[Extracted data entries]
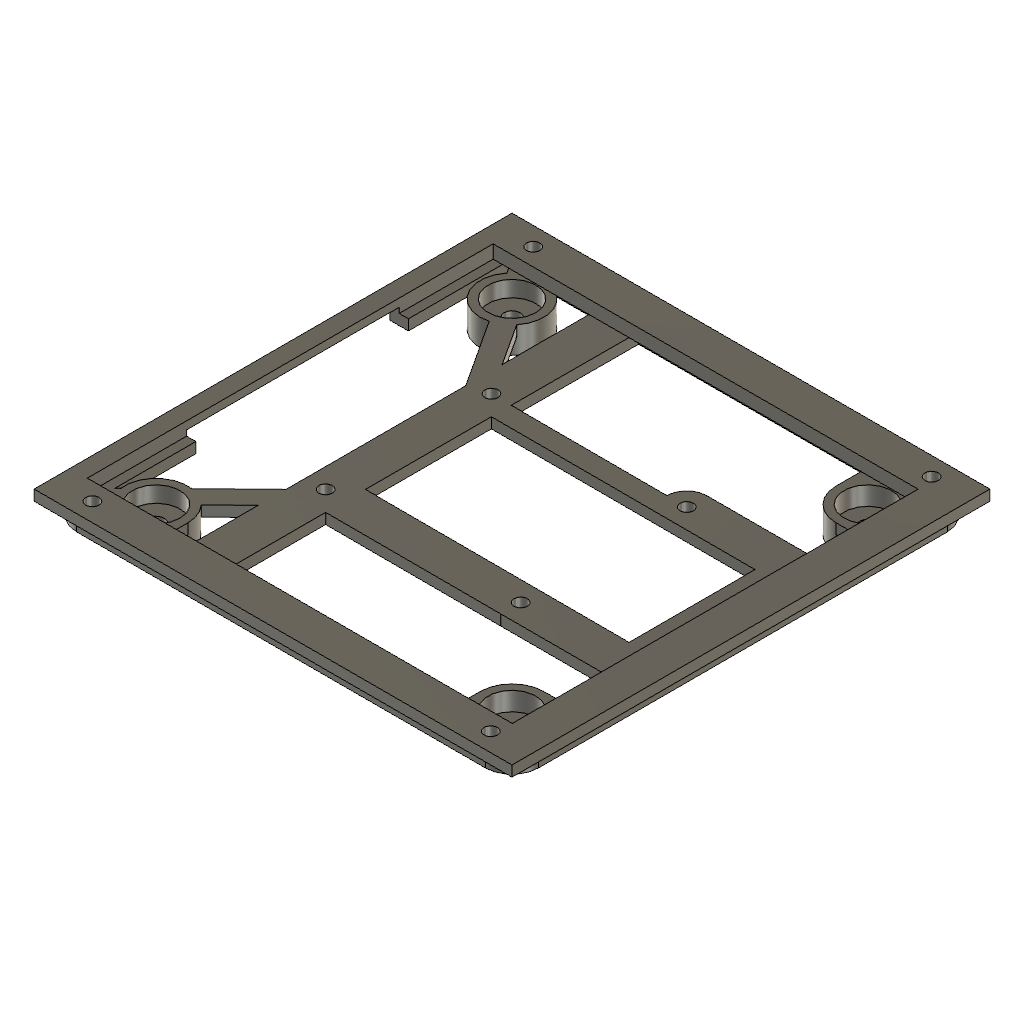
Screen Backplate (Autodesk Fusion 360 design; units mm, degrees)
Autodesk Fusion 360 part; units mm, degrees
sketch "Sketch1" plane through (0, 0, 0) normal (0, 0, 1) x (1, 0, 0)
  line L0 (0, 0) -> (90, 0)
  line L1 (90, 0) -> (90, 90)
  line L2 (90, 90) -> (0, 90)
  line L3 (0, 90) -> (0, 0)
  line L4 (0, 0) -> (5, 0)
  line L5 (5, 0) -> (5, 5)
  line L6 (5, 5) -> (0, 5)
  line L7 (0, 5) -> (0, 0)
  line L8 (90, 90) -> (85, 90)
  line L9 (85, 90) -> (85, 85)
  line L10 (85, 85) -> (90, 85)
  line L11 (90, 85) -> (90, 90)
  line L12 (85, 85) -> (5, 85)
  line L13 (5, 85) -> (5, 5)
  line L14 (5, 5) -> (85, 5)
  line L15 (85, 5) -> (85, 85)
  line L16 (90, 90) -> (87.5, 90)
  line L17 (87.5, 90) -> (87.5, 86.5)
  line L18 (87.5, 86.5) -> (90, 86.5)
  line L19 (90, 86.5) -> (90, 90)
  line L20 (87.5, 86.5) -> (82.5, 86.5)
  circle A0 centre (82.5, 86.5) radius 1.25
  line L21 (0, 0) -> (2.5, 0)
  line L22 (2.5, 0) -> (2.5, 3.5)
  line L23 (2.5, 3.5) -> (0, 3.5)
  line L24 (0, 3.5) -> (0, 0)
  line L25 (2.5, 3.5) -> (7.5, 3.5)
  line L26 (7.5, 3.5) -> (82.5, 3.5)
  line L27 (82.5, 86.5) -> (7.5, 86.5)
  circle A1 centre (7.5, 86.5) radius 1.25
  circle A2 centre (7.5, 3.5) radius 1.25
  circle A3 centre (82.5, 3.5) radius 1.25
  dimension "d1" = 90
  dimension "d2" = 90
  dimension "d3" = 5
  dimension "d4" = 5
  dimension "d5" = 5
  dimension "d6" = 5
  dimension "d7" = 2.5
  dimension "d8" = 3.5
  dimension "d10" = 5
  dimension "d12" = 2.5
  dimension "d15" = 2.5
  dimension "d16" = 3.5
  dimension "d17" = 5
  dimension "d19" = 75
  dimension "d22" = 75
  dimension "d23" = 2.5
  dimension "d26" = 2.5
  dimension "d27" = 2.5
  constraint horizontal L0
  constraint vertical L1
  constraint horizontal L2
  constraint vertical L3
  constraint coincident L0.start L3.end
  constraint horizontal L4
  constraint vertical L5
  constraint horizontal L6
  constraint vertical L7
  constraint horizontal L8
  constraint vertical L9
  constraint horizontal L10
  constraint vertical L11
  constraint horizontal L12
  constraint vertical L13
  constraint horizontal L14
  constraint vertical L15
  constraint horizontal L16
  constraint vertical L17
  constraint horizontal L18
  constraint vertical L19
  constraint perpendicular L9 L20
  constraint coincident L20.end A0.centre
  constraint horizontal L21
  constraint vertical L22
  constraint horizontal L23
  constraint vertical L24
  constraint perpendicular L22 L25
  constraint parallel L25 L26
  constraint parallel L20 L27
  constraint coincident L27.end A1.centre
  constraint coincident L25.end L26.start
  constraint coincident L26.end A3.centre
  measures "d1" distance of L0.start L0.end
  measures "d2" distance of L0.start L2.end
  measures "d3" distance of L0.start L4.end
  measures "d4" distance of L0.start L6.end
  measures "d5" distance of L1.end L8.end
  measures "d6" distance of L1.end L10.end
  measures "d7" distance of L1.end L16.end
  measures "d8" distance of L1.end L18.end
  measures "d10" distance of L17.end L20.end
  measures "d12" diameter of A0
  measures "d15" distance of L0.start L21.end
  measures "d16" distance of L0.start L23.end
  measures "d17" distance of L22.end L25.end
  measures "d19" distance of L25.end L26.end
  measures "d22" distance of L20.end L27.end
  measures "d23" diameter of A1
  measures "d26" diameter of A2
  measures "d27" diameter of A3
extrude "Extrude1" add sketch "Sketch1" along normal blind 1.5 contours L0 L3 L4 L7 L21 L22 L23 L24 | L0 L4 L5 L22 L25 | L3 L5 L6 L7 L23 L25 | L0 L1 L5 L10 L14 L15 | L2 L3 L6 L9 L12 L13 | L1 L9 L10 L11 L18 L20 | L2 L8 L9 L17 L20 | L1 L2 L8 L11 L16 L17 L18 L19 makes body 1
sketch "Sketch2" plane through (0, 0, 0) normal (0, 0, -1) x (1, 0, 0)
  circle A0 centre (7.5, -86.5) radius 1.25
  circle A1 centre (82.5, -86.5) radius 1.25
  circle A2 centre (82.5, -3.5) radius 1.25
  circle A3 centre (7.5, -3.5) radius 1.25
  line L0 (85, -5) -> (85, -85)
  line L1 (85, -85) -> (5, -85)
  line L2 (5, -85) -> (5, -5)
  line L3 (5, -5) -> (85, -5)
  line L4 (0, 0) -> (0, -90)
  line L5 (0, -90) -> (90, -90)
  line L6 (90, -90) -> (90, 0)
  line L7 (90, 0) -> (0, 0)
  line L8 (90, 0) -> (88.5, 0)
  line L9 (88.5, 0) -> (88.5, -1.5)
  line L10 (88.5, -1.5) -> (90, -1.5)
  line L11 (90, -1.5) -> (90, 0)
  line L12 (0, -90) -> (1.5, -90)
  line L13 (1.5, -90) -> (1.5, -88.5)
  line L14 (1.5, -88.5) -> (0, -88.5)
  line L15 (0, -88.5) -> (0, -90)
  line L16 (1.5, -88.5) -> (88.5, -88.5)
  line L17 (88.5, -88.5) -> (88.5, -1.5)
  line L18 (88.5, -1.5) -> (1.5, -1.5)
  line L19 (1.5, -1.5) -> (1.5, -88.5)
  dimension "d29" = 1.5
  dimension "d30" = 1.5
  dimension "d31" = 1.5
  dimension "d32" = 1.5
  constraint horizontal L8
  constraint vertical L9
  constraint horizontal L10
  constraint vertical L11
  constraint coincident L6.end L7.start
  constraint horizontal L12
  constraint vertical L13
  constraint horizontal L14
  constraint vertical L15
  constraint coincident L4.end L5.start
  constraint horizontal L16
  constraint vertical L17
  constraint horizontal L18
  constraint vertical L19
  measures "d29" distance of L6.end L8.end
  measures "d30" distance of L6.end L10.end
  measures "d31" distance of L4.end L12.end
  measures "d32" distance of L4.end L14.end
extrude "Extrude2" add sketch "Sketch2" along normal blind 2.5 contours L16 L17 L18 L19 bodies 1
sketch "Sketch3" plane through (0, 0, -2.5) normal (0, 0, -1) x (1, 0, 0)
  line L0 (5, -85) -> (5, -5)
  line L1 (5, -5) -> (85, -5)
  line L2 (85, -5) -> (85, -85)
  line L3 (85, -85) -> (5, -85)
  line L4 (88.5, -1.5) -> (1.5, -1.5)
  line L5 (1.5, -1.5) -> (1.5, -88.5)
  line L6 (1.5, -88.5) -> (88.5, -88.5)
  line L7 (88.5, -88.5) -> (88.5, -1.5)
  line L8 (88.5, -88.5) -> (1.5, -88.5)
  line L9 (1.5, -88.5) -> (1.5, -1.5)
  line L10 (1.5, -1.5) -> (88.5, -1.5)
  line L11 (88.5, -1.5) -> (88.5, -88.5)
  circle A0 centre (7.5, -86.5) radius 1.25
  circle A1 centre (82.5, -86.5) radius 1.25
  circle A2 centre (82.5, -3.5) radius 1.25
  circle A3 centre (7.5, -3.5) radius 1.25
  constraint horizontal L8
  constraint vertical L9
  constraint horizontal L10
  constraint vertical L11
  constraint coincident L4.end L5.start
  constraint coincident L6.end L7.start
extrude "Extrude3" add sketch "Sketch3" against normal blind 2 separate body contours L0 L1 L2 L3 makes body 2
sketch "Sketch4" plane through (0, 0, -0.5) normal (0, 0, 1) x (1, 0, 0)
  line L0 (85, 5) -> (85, 85)
  line L1 (5, 5) -> (85, 5)
  line L2 (5, 85) -> (5, 5)
  line L3 (85, 85) -> (5, 85)
  line L4 (5, 85) -> (5, 45.5)
  line L5 (25, 45.5) -> (25.0334, 61.1)
  line L6 (25, 45.5) -> (25.0196, 29.9)
  line L7 (25.0334, 61.1) -> (61.8833, 61.021)
  line L8 (61.8833, 61.021) -> (61.8165, 29.8211)
  circle A0 centre (61.8165, 29.8211) radius 1.25
  circle A1 centre (25.0196, 29.9) radius 1.25
  circle A2 centre (25.0334, 61.1) radius 1.25
  circle A3 centre (61.8833, 61.021) radius 1.25
  line L9 (5, 65.5) -> (5, 45.5)
  line L10 (5, 25.5) -> (5, 45.5)
  line L11 (5, 65.5) -> (-1, 65.5)
  line L12 (-1, 65.5) -> (-1, 25.5)
  line L13 (-1, 25.5) -> (5, 25.5)
  line L14 (5, 25.5) -> (5, 65.5)
  circle A4 centre (61.8165, 29.8211) radius 3.75
  circle A5 centre (25.0196, 29.9) radius 3.75
  circle A6 centre (61.8833, 61.021) radius 3.75
  circle A7 centre (25.0334, 61.1) radius 3.75
  line L15 (61.8753, 57.271) -> (85, 57.2215)
  line L16 (61.8833, 64.771) -> (85, 64.771)
  line L17 (61.8165, 26.0711) -> (85, 26.0711)
  line L18 (61.8245, 33.5711) -> (85, 33.5215)
  line L19 (28.7696, 29.9) -> (28.7696, 5)
  line L20 (21.2696, 29.9) -> (21.2696, 5)
  line L21 (21.2834, 61.1) -> (21.2834, 85)
  line L22 (28.7834, 61.0919) -> (28.8346, 85)
  line L23 (61.8753, 57.271) -> (25.0254, 57.35)
  line L24 (25.0149, 33.65) -> (61.8245, 33.5711)
  line L25 (61.8165, 26.0711) -> (25.0115, 26.15)
  line L26 (21.2696, 29.9) -> (21.2834, 61.1)
  line L27 (28.7696, 29.9) -> (28.7834, 61.0919)
  line L28 (5, 85) -> (21.8907, 59.0541)
  line L29 (25.0334, 61.1) -> (9.4746, 85)
  line L30 (5, 5) -> (27.6461, 27.2235)
  line L31 (25.0196, 29.9) -> (5, 10.254)
  line L32 (25, 45.5) -> (5, 45.5)
  dimension "d37" = 39.5
  dimension "d39" = 15.6
  dimension "d40" = 15.6
  dimension "d41" = 36.85
  dimension "d42" = 31.2
  dimension "d43" = 2.5
  dimension "d44" = 2.5
  dimension "d45" = 2.5
  dimension "d46" = 2.5
  dimension "d53" = 20
  dimension "d54" = 6
  dimension "d61" = 7.5
  dimension "d62" = 7.5
  dimension "d63" = 7.5
  dimension "d64" = 7.5
  dimension "d218" = 20
  dimension "d219" = 40
  constraint coincident L2.start L3.end
  constraint perpendicular L3 L4
  constraint perpendicular L5 L7
  constraint perpendicular L7 L8
  constraint coincident L8.end A0.centre
  constraint coincident L6.end A1.centre
  constraint coincident L5.end L7.start
  constraint coincident L7.end L8.start
  constraint vertical L9
  constraint vertical L10
  constraint horizontal L11
  constraint vertical L12
  constraint horizontal L13
  constraint vertical L14
  constraint concentric A0 A4
  constraint concentric A1 A5
  constraint concentric A3 A6
  constraint concentric A2 A7
  constraint coincident A6 L15.start
  constraint coincident L8 L15.start
  constraint coincident L0 L15.end
  constraint tangent A6 L15
  constraint coincident A6 L16.start
  constraint coincident L0 L16.end
  constraint tangent A6 L16
  constraint perpendicular L0 L16
  constraint coincident A4 L17.start
  constraint coincident L0 L17.end
  constraint tangent A4 L17
  constraint perpendicular L0 L17
  constraint coincident A4 L18.start
  constraint coincident L8 L18.start
  constraint coincident L0 L18.end
  constraint tangent A4 L18
  constraint coincident A5 L19.start
  constraint coincident L1 L19.end
  constraint tangent A5 L19
  constraint perpendicular L1 L19
  constraint coincident A5 L20.start
  constraint coincident L1 L20.end
  constraint tangent A5 L20
  constraint perpendicular L1 L20
  constraint coincident A7 L21.start
  constraint coincident L3 L21.end
  constraint tangent A7 L21
  constraint perpendicular L3 L21
  constraint coincident L7 L22.start
  constraint coincident A7 L22.start
  constraint coincident L3 L22.end
  constraint tangent A7 L22
  constraint coincident A7 L23.end
  constraint coincident L5 L23.end
  constraint coincident L6 L24.start
  constraint coincident A5 L24.start
  constraint coincident A5 L25.end
  constraint tangent A5 L25
  constraint coincident A7 L28.end
  constraint tangent A7 L28
  constraint coincident L3 L29.end
  constraint parallel L28 L29
  constraint coincident L1.start L2.end
  constraint coincident A5 L30.end
  constraint tangent A5 L30
  constraint coincident L2 L31.end
  constraint parallel L30 L31
  constraint perpendicular L14 L32
  measures "d37" distance of L2.start L4.end
  measures "d39" distance of L5.start L5.end
  measures "d40" distance of L5.start L6.end
  measures "d41" distance of L5.end L7.end
  measures "d42" distance of L7.end L8.end
  measures "d43" diameter of A0
  measures "d44" diameter of A1
  measures "d45" diameter of A2
  measures "d46" diameter of A3
  measures "d53" distance of L4.end L10.start
  measures "d54" distance of L9.start L11.end
  measures "d61" diameter of A4
  measures "d62" diameter of A5
  measures "d63" diameter of A6
  measures "d64" diameter of A7
  measures "d218" distance of L4.end L5.start
  measures "d219" distance of L9.start L10.start
extrude "Extrude4" cut sketch "Sketch4" against normal blind 2 contours L0 L1 L17 L19 L25 | L0 L8 L15 L18 | L1 L20 L30 | L8 L23 L24 L27 | L0 L3 L7 A6 A7 L16 L22 | L2 L10 L14 L20 L26 L31 L32 | L7 L8 A3 | L7 L8 A3 | L6 A1 L31 | L6 A1 L31 | L2 L4 L9 L14 L26 L28 L32 | L3 L21 L29 | L5 L7 A2 | L7 A2 L29 | L5 A2 L29 | A0 bodies 2
extrude "Extrude5" cut sketch "Sketch4" against normal blind 8 contours L2 L10 L14 L20 L26 L31 L32 | L2 L4 L9 L10 L11 L12 L13 L14 | L2 L4 L9 L14 L26 L28 L32 bodies 1 2
extrude "Extrude7" cut 1 faces at (3.8333, 52.1667, -0.5) along direction (0, 0, 1) blind 1 on bodies 1 bodies 1
sketch "Sketch28" plane through (0, 0, -0.5) normal (0, 0, 1) x (-1, 0, 0)
  line L0 (-21.2696, -26.22) -> (-5, -10.254)
  line L1 (-5, -10.254) -> (-5, -5)
  line L2 (-5, -5) -> (-21.2696, -20.966)
  line L3 (-21.2696, -20.966) -> (-21.2696, -5)
  line L4 (-21.2696, -5) -> (-28.7696, -5)
  line L5 (-28.7696, -5) -> (-28.7696, -26.142)
  line L6 (-28.7696, -26.142) -> (-61.8165, -26.0711)
  line L7 (-85, -26.0711) -> (-85, -33.5215)
  line L8 (-85, -33.5215) -> (-61.8245, -33.5711)
  line L9 (-28.7712, -33.642) -> (-28.7817, -57.3419)
  line L10 (-28.7817, -57.3419) -> (-85, -57.2215)
  line L11 (-85, -57.2215) -> (-85, -64.771)
  line L12 (-85, -64.771) -> (-61.8833, -64.771)
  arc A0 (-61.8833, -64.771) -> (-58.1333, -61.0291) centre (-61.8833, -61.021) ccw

**Aim of the exercise**. Set down no line except those from the one with "of L9.start L10.start" to the last line of the data, inclusive, each exactly as written.

**Reply**.
  measures "d219" distance of L9.start L10.start
extrude "Extrude4" cut sketch "Sketch4" against normal blind 2 contours L0 L1 L17 L19 L25 | L0 L8 L15 L18 | L1 L20 L30 | L8 L23 L24 L27 | L0 L3 L7 A6 A7 L16 L22 | L2 L10 L14 L20 L26 L31 L32 | L7 L8 A3 | L7 L8 A3 | L6 A1 L31 | L6 A1 L31 | L2 L4 L9 L14 L26 L28 L32 | L3 L21 L29 | L5 L7 A2 | L7 A2 L29 | L5 A2 L29 | A0 bodies 2
extrude "Extrude5" cut sketch "Sketch4" against normal blind 8 contours L2 L10 L14 L20 L26 L31 L32 | L2 L4 L9 L10 L11 L12 L13 L14 | L2 L4 L9 L14 L26 L28 L32 bodies 1 2
extrude "Extrude7" cut 1 faces at (3.8333, 52.1667, -0.5) along direction (0, 0, 1) blind 1 on bodies 1 bodies 1
sketch "Sketch28" plane through (0, 0, -0.5) normal (0, 0, 1) x (-1, 0, 0)
  line L0 (-21.2696, -26.22) -> (-5, -10.254)
  line L1 (-5, -10.254) -> (-5, -5)
  line L2 (-5, -5) -> (-21.2696, -20.966)
  line L3 (-21.2696, -20.966) -> (-21.2696, -5)
  line L4 (-21.2696, -5) -> (-28.7696, -5)
  line L5 (-28.7696, -5) -> (-28.7696, -26.142)
  line L6 (-28.7696, -26.142) -> (-61.8165, -26.0711)
  line L7 (-85, -26.0711) -> (-85, -33.5215)
  line L8 (-85, -33.5215) -> (-61.8245, -33.5711)
  line L9 (-28.7712, -33.642) -> (-28.7817, -57.3419)
  line L10 (-28.7817, -57.3419) -> (-85, -57.2215)
  line L11 (-85, -57.2215) -> (-85, -64.771)
  line L12 (-85, -64.771) -> (-61.8833, -64.771)
  arc A0 (-61.8833, -64.771) -> (-58.1333, -61.0291) centre (-61.8833, -61.021) ccw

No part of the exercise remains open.